ICAPP 2019 - International Congress on Advances in Nuclear Power Plants
Abstract
This paper describes the neutron transport calculations for the sodium-cooled fast reactors by using the new under-developing Monte Carlo code MCS in combination with various nuclear data libraries. MCS is a three dimensional (3D) continuous energy neutron/photon transport code based on the Monte Carlo code which was developed at Ulsan National Institute of Science and Technology (UNIST). A reference metallic fuel of Advanced Burner Reactor (MET-1000) core concept of 1000 MWth power rating was developed using MCS code to verify its capability for the fast reactor design options.

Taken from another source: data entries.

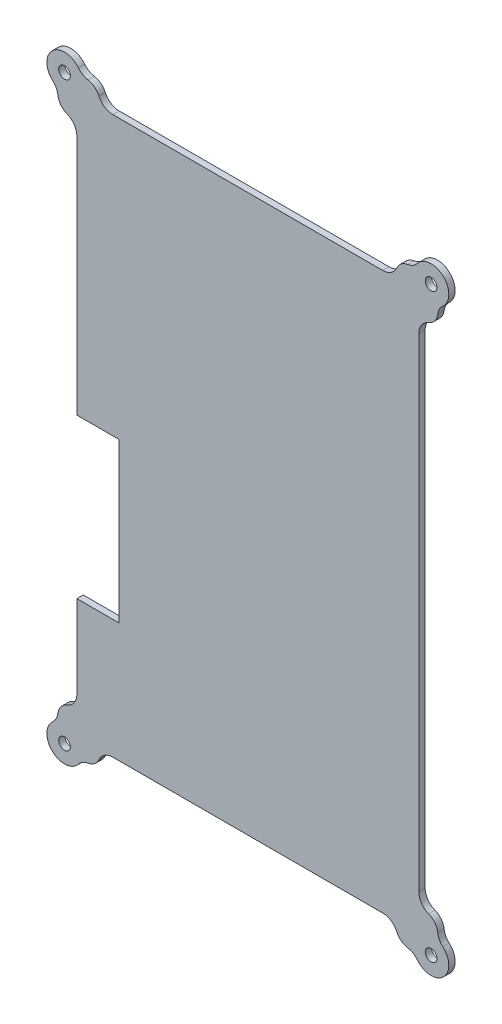
SolidWorks part; units mm, degrees
ref_plane "Front Plane" through (0, 0, 0) normal (0, 0, 1) x (1, 0, 0)
ref_plane "Top Plane" through (0, 0, 0) normal (0, 1, 0) x (1, 0, 0)
ref_plane "Right Plane" through (0, 0, 0) normal (1, 0, 0) x (0, 0, -1)
sketch "Sketch2" plane through (0, 0, 0) normal (0, 0, 1) x (1, 0, 0)
  line L0 (27.7407, 131.5) -> (47.7407, 131.5)
  line L1 (47.7407, 131.5) -> (47.7407, 56.5)
  line L14 (189.1282, 17.4051) -> (189.1282, 245.5949)
  line L15 (172.1341, 262.83) -> (44.7348, 262.83)
  line L16 (27.7407, 245.5949) -> (27.7407, 17.4051)
  line L17 (44.7348, 0.17) -> (172.1341, 0.17)
  line L18 (47.7407, 56.5) -> (27.7407, 56.5)
  arc A85 (193.7355, 252.2912) -> (189.1282, 245.5949) centre (196.2982, 245.5949) ccw
  arc A86 (193.7355, 252.2912) -> (198.0769, 257.8665) centre (191.2943, 258.6701) ccw
  arc A87 (200.4593, 262.4045) -> (198.0769, 257.8665) centre (205.1971, 257.0228) ccw
  arc A88 (200.4593, 262.4045) -> (188.4049, 273.8031) centre (194.9551, 268.6569) ccw
  arc A89 (183.8943, 271.1519) -> (188.4049, 273.8031) centre (182.7668, 278.2327) ccw
  arc A90 (183.8943, 271.1519) -> (178.707, 267.1355) centre (184.9683, 264.4069) ccw
  arc A91 (172.1341, 262.83) -> (178.707, 267.1355) centre (172.1341, 270) ccw
  arc A92 (38.1619, 267.1355) -> (44.7348, 262.83) centre (44.7348, 270) ccw
  arc A93 (38.1619, 267.1355) -> (32.9746, 271.1519) centre (31.9006, 264.4069) ccw
  arc A94 (28.4641, 273.8031) -> (32.9746, 271.1519) centre (34.1021, 278.2327) ccw
  arc A95 (28.4641, 273.8031) -> (16.4096, 262.4045) centre (21.9139, 268.6569) ccw
  arc A96 (18.792, 257.8665) -> (16.4096, 262.4045) centre (11.6718, 257.0228) ccw
  arc A97 (18.792, 257.8665) -> (23.1334, 252.2912) centre (25.5746, 258.6701) ccw
  arc A98 (27.7407, 245.5949) -> (23.1334, 252.2912) centre (20.5707, 245.5949) ccw
  arc A99 (23.1334, 10.7088) -> (27.7407, 17.4051) centre (20.5707, 17.4051) ccw
  arc A100 (23.1334, 10.7088) -> (18.792, 5.1335) centre (25.5746, 4.3299) ccw
  arc A101 (16.4096, 0.5955) -> (18.792, 5.1335) centre (11.6718, 5.9772) ccw
  arc A102 (16.4096, 0.5955) -> (28.4641, -10.8031) centre (21.9139, -5.6569) ccw
  arc A103 (32.9746, -8.1519) -> (28.4641, -10.8031) centre (34.1021, -15.2327) ccw
  arc A104 (32.9746, -8.1519) -> (38.1619, -4.1355) centre (31.9006, -1.4069) ccw
  arc A105 (44.7348, 0.17) -> (38.1619, -4.1355) centre (44.7348, -7) ccw
  arc A106 (178.707, -4.1355) -> (172.1341, 0.17) centre (172.1341, -7) ccw
  arc A107 (178.707, -4.1355) -> (183.8943, -8.1519) centre (184.9683, -1.4069) ccw
  arc A108 (188.4049, -10.8031) -> (183.8943, -8.1519) centre (182.7668, -15.2327) ccw
  arc A109 (188.4049, -10.8031) -> (200.4593, 0.5955) centre (194.9551, -5.6569) ccw
  arc A110 (198.0769, 5.1335) -> (200.4593, 0.5955) centre (205.1971, 5.9772) ccw
  arc A111 (198.0769, 5.1335) -> (193.7355, 10.7088) centre (191.2943, 4.3299) ccw
  arc A112 (189.1282, 17.4051) -> (193.7355, 10.7088) centre (196.2982, 17.4051) ccw
  circle A117 centre (21.9139, -5.6569) radius 2.75
  circle A118 centre (194.9551, -5.6569) radius 2.75
  circle A119 centre (194.9551, 268.6569) radius 2.75
  circle A120 centre (21.9139, 268.6569) radius 2.75
extrude "Boss-Extrude2" add sketch "Sketch2" along normal blind 3 contours A112 L14 A85 A86 A87 A88 A89 A90 A91 L15 A92 A93 A94 A95 A96 A97 A98 L16 L0 L1 L18 A99 A100 A101 A102 A103 A104 A105 L17 A106 A107 A108 A109 A110 A111 A120 A119 A118 A117
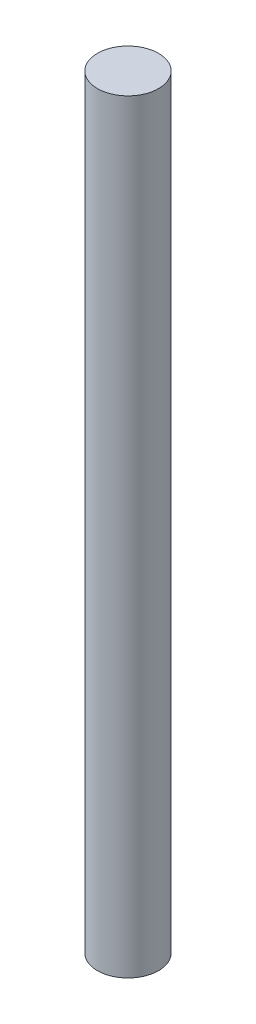
SolidWorks part; units mm, degrees
material "Hexcel AS4C (3000 Filaments)"
ref_plane "Front Plane" through (0, 0, 0) normal (0, 0, 1) x (1, 0, 0)
ref_plane "Top Plane" through (0, 0, 0) normal (0, 1, 0) x (1, 0, 0)
ref_plane "Right Plane" through (0, 0, 0) normal (1, 0, 0) x (0, 0, -1)
sketch "Sketch1" plane through (0, 0, 0) normal (0, 1, 0) x (1, 0, 0)
  circle A0 centre (0, 0) radius 1.6
  dimension "D1" = 3.2
extrude "Boss-Extrude1" add sketch "Sketch1" along normal blind 40 contours A0
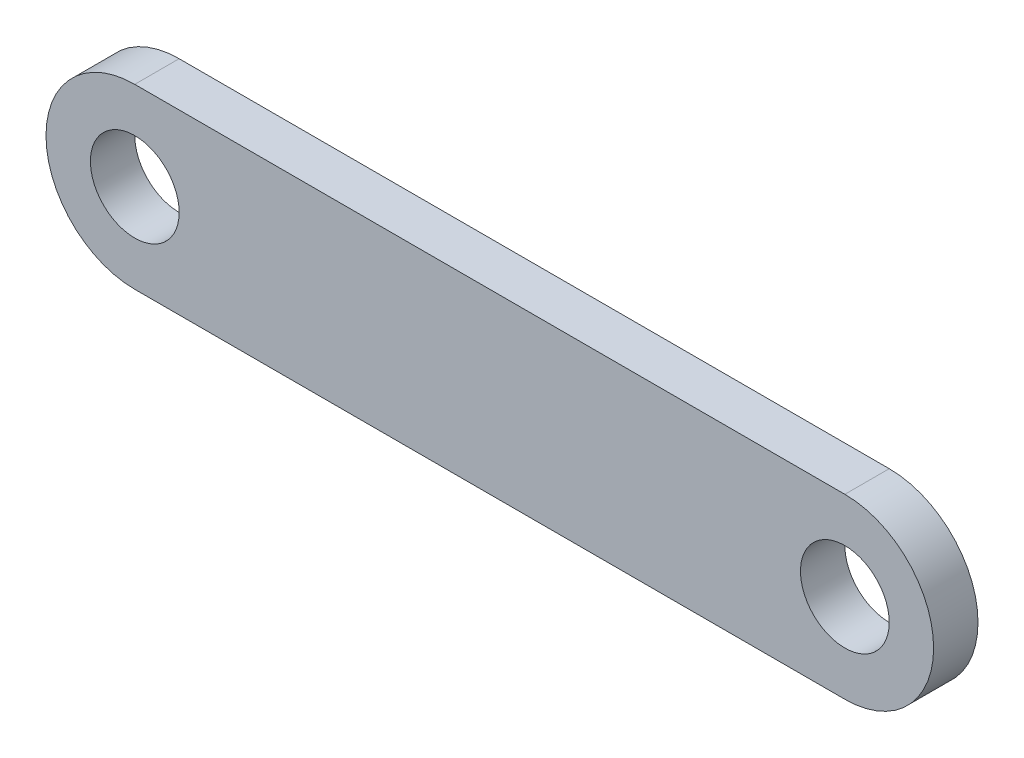
SolidWorks part; units mm, degrees
ref_plane "Front Plane" through (0, 0, 0) normal (0, 0, 1) x (1, 0, 0)
ref_plane "Top Plane" through (0, 0, 0) normal (0, 1, 0) x (1, 0, 0)
ref_plane "Right Plane" through (0, 0, 0) normal (1, 0, 0) x (0, 0, -1)
sketch "Sketch1" plane through (0, 0, 0) normal (0, 0, 1) x (1, 0, 0)
  line L0 (-25.4, 0) -> (25.4, 0) construction
  line L1 (-25.4, 6.35) -> (25.4, 6.35)
  line L2 (-25.4, -6.35) -> (25.4, -6.35)
  arc A0 (-25.4, 6.35) -> (-25.4, -6.35) centre (-25.4, 0) ccw
  arc A1 (25.4, -6.35) -> (25.4, 6.35) centre (25.4, 0) ccw
  circle A2 centre (-25.4, 0) radius 3.175
  circle A3 centre (25.4, 0) radius 3.175
  point P2 (0, 0)
  dimension "D3" = 6.35
  dimension "D1" = 12.7
  dimension "D2" = 50.8
extrude "Boss-Extrude2" add sketch "Sketch1" along normal blind 3.175 contours L2 A1 L1 A0 | A2 | A3
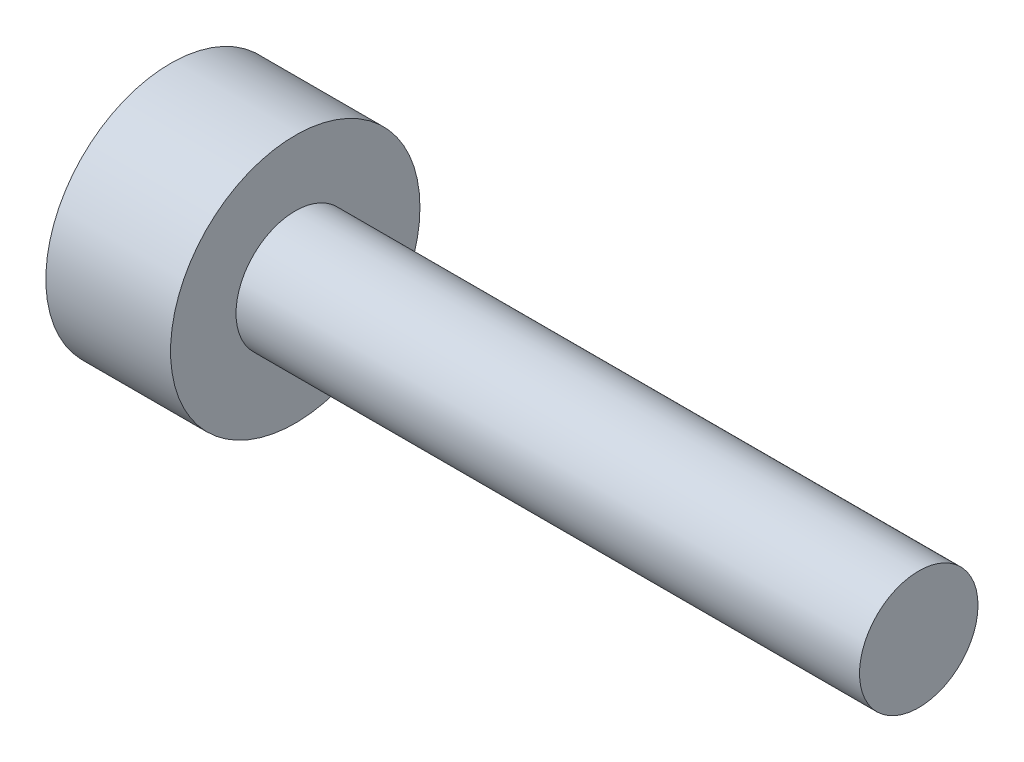
SolidWorks part; units mm, degrees
ref_plane "Front Plane" through (0, 0, 0) normal (0, 0, 1) x (1, 0, 0)
ref_plane "Top Plane" through (0, 0, 0) normal (0, 1, 0) x (1, 0, 0)
ref_plane "Right Plane" through (0, 0, 0) normal (1, 0, 0) x (0, 0, -1)
sketch "Sketch1" plane through (0, 0, 0) normal (1, 0, 0) x (0, 0, -1)
  circle A0 centre (0, 0) radius 10
  dimension "D1" = 20
extrude "Boss-Extrude1" add sketch "Sketch1" along normal blind 10
sketch "Sketch2" plane through (10, 0, 0) normal (1, 0, 0) x (0, 0, -1)
  circle A0 centre (0, 0) radius 4.75
  dimension "D1" = 9.5
extrude "Boss-Extrude2" add sketch "Sketch2" along normal blind 50

MCS developed the 3D-whole core heterogeneous and homogenous models of MET-1000 core and several parameters of interest such as the effective neutron multiplication factor (keff), sodium void reactivity coefficient (KNa), doppler constant (KD) and control rod worth (KCR) reactivity coefficient are calculated. In addition, two typical states of nominal operation at Beginning Of Cycle (BOC) and Ending Of Cycle (EOC) were studied and the impact of nuclear data on safety-relevant parameters have observed by using the nuclear cross section library ENDF/BVII.0, ENDF/BVII.1 and JEFF3.3. The MCS results were observed by comparing with the reference results obtained from different participant institutions in the benchmark. Moreover, the discrepancies between the results in MCS and the reference were explained in this paper.